In the entries below, the word "mechanical" appears on some lines. Copy each of those lines.

Records from a data collection:
════════

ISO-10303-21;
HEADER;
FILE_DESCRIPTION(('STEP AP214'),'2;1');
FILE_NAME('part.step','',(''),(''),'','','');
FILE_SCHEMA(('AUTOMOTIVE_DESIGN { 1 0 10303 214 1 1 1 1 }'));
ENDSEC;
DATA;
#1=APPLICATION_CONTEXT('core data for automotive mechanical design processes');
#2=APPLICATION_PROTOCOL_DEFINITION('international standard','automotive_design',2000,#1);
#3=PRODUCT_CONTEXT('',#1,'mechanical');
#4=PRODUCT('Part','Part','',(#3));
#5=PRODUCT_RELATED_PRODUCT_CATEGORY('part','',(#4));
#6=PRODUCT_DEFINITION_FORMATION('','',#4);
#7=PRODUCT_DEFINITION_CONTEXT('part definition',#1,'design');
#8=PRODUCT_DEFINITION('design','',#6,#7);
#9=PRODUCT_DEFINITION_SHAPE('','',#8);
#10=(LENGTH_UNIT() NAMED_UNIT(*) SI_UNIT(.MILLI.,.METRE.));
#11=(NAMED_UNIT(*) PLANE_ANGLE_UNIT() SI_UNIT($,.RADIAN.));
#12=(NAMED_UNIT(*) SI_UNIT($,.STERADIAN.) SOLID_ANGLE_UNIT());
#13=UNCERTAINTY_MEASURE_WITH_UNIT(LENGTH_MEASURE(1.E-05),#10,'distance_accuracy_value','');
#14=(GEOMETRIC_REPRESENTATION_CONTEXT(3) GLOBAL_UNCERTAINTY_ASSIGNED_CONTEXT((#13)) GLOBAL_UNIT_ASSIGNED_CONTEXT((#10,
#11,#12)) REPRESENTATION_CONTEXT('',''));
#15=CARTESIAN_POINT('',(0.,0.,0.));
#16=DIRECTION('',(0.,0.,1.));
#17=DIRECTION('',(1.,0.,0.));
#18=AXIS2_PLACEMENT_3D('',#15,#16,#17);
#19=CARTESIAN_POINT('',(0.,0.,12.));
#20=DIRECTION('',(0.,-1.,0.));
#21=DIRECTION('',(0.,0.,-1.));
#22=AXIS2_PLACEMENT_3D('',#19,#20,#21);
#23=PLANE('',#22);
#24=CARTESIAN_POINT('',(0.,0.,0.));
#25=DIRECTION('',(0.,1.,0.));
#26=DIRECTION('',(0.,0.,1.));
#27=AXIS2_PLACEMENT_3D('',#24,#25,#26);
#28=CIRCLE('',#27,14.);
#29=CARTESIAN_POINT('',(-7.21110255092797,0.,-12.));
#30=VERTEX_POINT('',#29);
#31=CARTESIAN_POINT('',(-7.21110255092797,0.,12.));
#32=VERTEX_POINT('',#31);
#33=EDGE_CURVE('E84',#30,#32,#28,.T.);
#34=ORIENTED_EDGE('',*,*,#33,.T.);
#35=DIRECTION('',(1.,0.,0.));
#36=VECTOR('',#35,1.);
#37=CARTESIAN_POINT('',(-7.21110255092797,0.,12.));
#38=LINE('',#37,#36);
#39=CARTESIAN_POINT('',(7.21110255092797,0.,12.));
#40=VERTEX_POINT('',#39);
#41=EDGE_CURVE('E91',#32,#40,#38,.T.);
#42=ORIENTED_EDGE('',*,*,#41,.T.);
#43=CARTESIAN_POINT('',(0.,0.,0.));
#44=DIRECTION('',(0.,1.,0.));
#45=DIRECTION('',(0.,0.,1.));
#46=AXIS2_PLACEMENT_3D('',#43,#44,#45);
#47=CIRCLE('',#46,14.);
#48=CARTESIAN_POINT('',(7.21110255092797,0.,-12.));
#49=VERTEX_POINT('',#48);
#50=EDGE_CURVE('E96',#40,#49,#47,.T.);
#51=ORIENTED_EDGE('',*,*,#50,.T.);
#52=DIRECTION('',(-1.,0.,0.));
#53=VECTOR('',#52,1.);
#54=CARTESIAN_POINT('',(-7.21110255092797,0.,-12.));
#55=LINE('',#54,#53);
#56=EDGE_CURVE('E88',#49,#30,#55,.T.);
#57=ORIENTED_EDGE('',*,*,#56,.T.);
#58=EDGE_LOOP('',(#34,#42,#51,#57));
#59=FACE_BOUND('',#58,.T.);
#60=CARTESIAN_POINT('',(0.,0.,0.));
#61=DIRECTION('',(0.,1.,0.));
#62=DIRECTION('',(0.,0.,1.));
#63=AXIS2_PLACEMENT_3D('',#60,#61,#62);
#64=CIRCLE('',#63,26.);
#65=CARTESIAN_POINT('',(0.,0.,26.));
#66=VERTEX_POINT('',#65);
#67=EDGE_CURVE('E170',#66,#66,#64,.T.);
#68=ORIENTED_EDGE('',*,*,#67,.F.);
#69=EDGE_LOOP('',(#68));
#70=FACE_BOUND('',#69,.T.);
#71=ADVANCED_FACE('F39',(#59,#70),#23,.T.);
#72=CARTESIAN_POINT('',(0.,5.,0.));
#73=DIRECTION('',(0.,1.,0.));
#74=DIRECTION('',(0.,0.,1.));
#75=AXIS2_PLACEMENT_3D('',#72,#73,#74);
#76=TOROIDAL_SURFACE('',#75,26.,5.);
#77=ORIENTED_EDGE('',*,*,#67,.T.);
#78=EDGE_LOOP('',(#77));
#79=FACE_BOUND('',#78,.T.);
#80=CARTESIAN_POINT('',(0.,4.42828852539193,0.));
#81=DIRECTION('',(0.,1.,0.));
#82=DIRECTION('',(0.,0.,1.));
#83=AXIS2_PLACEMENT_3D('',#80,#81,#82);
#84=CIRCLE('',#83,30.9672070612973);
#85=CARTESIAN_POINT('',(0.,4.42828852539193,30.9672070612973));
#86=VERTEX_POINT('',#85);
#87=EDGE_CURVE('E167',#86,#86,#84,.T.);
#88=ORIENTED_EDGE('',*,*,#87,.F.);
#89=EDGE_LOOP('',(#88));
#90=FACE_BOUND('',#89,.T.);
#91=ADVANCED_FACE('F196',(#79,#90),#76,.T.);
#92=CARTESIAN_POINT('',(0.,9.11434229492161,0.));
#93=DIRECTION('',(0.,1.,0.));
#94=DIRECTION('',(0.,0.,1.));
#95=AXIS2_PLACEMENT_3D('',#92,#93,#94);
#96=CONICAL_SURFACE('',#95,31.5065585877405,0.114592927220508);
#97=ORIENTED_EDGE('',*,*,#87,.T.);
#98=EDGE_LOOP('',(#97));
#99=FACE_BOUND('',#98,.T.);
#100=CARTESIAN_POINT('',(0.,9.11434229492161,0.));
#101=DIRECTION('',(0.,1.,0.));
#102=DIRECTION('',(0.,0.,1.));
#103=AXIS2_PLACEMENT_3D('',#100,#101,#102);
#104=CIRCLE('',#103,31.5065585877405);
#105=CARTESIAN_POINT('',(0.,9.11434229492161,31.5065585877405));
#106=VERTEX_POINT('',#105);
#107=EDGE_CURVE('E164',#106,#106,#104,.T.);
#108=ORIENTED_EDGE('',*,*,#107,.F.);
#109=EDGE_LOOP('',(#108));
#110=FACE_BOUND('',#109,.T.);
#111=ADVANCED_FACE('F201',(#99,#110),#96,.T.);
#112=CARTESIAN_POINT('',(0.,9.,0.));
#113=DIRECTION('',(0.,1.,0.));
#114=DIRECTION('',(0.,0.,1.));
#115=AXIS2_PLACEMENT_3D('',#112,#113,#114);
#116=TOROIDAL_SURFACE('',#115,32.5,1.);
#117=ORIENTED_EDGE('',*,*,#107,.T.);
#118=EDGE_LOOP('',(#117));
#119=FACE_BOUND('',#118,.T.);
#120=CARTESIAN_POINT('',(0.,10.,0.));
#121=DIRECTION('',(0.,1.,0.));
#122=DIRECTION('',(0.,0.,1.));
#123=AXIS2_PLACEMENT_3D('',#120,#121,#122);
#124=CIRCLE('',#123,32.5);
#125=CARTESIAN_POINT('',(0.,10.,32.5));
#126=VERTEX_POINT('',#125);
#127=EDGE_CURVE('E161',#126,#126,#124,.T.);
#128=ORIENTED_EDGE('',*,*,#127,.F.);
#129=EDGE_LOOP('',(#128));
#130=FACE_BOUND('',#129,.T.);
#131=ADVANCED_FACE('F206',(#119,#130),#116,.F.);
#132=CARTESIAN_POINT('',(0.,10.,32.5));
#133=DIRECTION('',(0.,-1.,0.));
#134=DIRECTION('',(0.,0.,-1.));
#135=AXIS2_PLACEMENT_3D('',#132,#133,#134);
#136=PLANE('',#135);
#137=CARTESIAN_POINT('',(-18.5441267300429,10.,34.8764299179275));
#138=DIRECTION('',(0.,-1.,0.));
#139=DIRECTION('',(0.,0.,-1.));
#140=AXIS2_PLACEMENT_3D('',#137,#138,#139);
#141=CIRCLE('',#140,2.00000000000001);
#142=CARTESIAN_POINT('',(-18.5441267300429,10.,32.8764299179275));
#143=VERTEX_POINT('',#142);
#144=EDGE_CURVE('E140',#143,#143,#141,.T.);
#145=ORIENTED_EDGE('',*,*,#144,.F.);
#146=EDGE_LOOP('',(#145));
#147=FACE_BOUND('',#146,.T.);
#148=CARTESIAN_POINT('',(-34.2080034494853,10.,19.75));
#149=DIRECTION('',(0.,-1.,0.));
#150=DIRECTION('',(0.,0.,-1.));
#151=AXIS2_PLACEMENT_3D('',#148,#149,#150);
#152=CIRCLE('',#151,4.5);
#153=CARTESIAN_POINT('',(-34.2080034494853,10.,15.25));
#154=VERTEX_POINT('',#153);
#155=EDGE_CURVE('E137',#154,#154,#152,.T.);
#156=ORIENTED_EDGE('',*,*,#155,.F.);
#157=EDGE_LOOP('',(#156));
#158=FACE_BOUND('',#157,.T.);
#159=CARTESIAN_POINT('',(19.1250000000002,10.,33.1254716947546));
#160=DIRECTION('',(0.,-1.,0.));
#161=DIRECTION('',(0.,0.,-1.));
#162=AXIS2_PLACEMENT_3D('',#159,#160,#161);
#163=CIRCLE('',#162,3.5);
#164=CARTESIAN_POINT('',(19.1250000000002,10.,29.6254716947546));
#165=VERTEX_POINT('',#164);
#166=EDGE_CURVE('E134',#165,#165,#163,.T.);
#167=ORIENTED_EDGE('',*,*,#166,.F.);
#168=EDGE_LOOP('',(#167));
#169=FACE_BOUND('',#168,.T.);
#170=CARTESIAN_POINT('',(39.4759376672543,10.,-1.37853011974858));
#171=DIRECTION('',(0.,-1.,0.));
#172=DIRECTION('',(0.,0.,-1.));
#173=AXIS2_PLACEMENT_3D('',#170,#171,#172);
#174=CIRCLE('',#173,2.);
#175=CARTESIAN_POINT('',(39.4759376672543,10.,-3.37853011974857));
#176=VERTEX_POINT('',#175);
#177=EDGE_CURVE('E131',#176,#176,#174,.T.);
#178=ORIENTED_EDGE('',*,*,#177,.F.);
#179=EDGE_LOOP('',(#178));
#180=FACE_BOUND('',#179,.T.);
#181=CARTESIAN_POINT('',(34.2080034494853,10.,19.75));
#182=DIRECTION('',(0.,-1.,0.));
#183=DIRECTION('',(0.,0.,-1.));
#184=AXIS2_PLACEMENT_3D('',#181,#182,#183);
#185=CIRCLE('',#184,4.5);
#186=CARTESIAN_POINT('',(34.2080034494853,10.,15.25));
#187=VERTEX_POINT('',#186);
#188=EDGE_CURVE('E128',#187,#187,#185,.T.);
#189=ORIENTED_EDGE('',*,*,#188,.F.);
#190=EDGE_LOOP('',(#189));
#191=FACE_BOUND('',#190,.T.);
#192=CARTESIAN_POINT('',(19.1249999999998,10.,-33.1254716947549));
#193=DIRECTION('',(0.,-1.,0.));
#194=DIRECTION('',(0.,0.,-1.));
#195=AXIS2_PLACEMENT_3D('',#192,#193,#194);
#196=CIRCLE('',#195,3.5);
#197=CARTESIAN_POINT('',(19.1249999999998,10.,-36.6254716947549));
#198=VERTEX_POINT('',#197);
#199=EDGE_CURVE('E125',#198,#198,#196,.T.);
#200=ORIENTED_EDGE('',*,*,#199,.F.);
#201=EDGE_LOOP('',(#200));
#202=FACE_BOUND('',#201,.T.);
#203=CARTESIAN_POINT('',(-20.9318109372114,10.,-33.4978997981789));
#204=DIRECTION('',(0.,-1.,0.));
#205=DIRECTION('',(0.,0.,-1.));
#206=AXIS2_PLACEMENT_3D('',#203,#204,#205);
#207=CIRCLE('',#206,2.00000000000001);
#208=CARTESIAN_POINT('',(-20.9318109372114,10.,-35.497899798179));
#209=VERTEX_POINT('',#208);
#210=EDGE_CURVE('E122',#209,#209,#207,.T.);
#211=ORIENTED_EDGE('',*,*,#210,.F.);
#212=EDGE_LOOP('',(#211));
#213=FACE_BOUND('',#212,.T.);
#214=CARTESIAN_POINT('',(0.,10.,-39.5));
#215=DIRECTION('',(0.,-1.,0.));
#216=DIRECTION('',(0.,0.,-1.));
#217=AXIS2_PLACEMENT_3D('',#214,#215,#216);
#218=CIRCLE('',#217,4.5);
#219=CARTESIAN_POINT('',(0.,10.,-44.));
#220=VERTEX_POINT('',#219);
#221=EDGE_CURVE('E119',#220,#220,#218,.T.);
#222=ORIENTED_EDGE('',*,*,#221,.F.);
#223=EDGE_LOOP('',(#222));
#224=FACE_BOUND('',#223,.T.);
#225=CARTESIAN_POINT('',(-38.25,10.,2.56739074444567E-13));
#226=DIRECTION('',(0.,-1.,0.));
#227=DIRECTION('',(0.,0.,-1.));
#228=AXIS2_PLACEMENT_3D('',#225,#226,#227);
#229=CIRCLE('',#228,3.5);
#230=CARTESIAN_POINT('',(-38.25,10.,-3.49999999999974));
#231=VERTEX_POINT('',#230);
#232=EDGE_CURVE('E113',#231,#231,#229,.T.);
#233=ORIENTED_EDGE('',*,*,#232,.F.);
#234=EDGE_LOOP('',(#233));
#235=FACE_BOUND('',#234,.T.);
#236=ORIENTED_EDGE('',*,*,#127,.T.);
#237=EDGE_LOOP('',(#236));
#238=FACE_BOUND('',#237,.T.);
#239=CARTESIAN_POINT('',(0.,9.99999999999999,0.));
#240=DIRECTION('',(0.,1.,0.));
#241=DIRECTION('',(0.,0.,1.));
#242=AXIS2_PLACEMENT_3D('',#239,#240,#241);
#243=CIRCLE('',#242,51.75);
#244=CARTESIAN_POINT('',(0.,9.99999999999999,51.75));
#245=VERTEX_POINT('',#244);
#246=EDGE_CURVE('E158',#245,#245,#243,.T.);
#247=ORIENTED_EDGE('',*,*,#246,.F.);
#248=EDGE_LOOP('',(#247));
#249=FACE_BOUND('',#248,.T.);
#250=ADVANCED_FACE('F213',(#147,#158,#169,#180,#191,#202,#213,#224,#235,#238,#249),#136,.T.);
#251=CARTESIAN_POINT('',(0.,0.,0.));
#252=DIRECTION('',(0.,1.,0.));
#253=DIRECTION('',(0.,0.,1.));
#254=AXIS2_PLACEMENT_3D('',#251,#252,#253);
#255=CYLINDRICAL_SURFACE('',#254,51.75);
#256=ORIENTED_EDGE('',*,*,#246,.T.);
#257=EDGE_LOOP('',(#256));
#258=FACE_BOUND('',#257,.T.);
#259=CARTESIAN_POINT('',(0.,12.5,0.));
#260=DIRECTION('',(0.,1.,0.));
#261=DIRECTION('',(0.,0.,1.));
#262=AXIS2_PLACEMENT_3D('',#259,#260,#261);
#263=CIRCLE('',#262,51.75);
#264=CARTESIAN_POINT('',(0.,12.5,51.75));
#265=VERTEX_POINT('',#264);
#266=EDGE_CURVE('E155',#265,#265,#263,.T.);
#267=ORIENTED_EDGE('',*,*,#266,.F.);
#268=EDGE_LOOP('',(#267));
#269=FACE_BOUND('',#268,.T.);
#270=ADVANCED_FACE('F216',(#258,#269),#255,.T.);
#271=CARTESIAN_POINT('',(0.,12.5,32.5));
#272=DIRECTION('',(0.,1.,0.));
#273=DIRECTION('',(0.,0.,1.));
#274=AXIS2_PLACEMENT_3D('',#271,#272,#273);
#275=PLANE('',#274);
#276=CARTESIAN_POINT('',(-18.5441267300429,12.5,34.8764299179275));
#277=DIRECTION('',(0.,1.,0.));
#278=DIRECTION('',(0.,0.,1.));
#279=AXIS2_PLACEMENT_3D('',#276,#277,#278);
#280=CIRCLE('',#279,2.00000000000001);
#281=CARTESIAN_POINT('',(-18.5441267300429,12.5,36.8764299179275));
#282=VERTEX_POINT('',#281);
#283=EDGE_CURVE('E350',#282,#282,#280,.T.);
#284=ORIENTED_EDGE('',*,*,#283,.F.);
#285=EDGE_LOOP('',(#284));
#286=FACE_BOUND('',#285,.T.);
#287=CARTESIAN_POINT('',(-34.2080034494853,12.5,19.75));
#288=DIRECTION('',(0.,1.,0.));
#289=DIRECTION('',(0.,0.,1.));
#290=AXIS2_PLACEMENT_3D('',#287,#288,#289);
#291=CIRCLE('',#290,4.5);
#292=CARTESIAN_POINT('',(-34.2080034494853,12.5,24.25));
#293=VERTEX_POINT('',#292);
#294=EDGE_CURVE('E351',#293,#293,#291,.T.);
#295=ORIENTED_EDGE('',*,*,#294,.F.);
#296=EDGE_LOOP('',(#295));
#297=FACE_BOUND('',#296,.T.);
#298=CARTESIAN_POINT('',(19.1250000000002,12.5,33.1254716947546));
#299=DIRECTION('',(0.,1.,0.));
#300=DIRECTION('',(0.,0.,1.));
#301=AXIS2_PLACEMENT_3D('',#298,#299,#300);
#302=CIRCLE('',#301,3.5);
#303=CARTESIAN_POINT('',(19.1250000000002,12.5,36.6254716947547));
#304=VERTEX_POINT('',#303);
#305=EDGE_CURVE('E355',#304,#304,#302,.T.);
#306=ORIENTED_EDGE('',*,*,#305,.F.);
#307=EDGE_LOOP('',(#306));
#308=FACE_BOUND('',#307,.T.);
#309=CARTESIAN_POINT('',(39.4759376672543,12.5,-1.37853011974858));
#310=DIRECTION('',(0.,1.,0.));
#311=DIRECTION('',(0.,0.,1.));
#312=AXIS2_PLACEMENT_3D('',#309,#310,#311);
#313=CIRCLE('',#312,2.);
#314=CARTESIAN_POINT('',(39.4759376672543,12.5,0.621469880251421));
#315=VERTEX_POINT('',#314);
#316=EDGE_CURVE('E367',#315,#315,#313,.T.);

════════

> _Completed task_
#1=APPLICATION_CONTEXT('core data for automotive mechanical design processes');
#3=PRODUCT_CONTEXT('',#1,'mechanical');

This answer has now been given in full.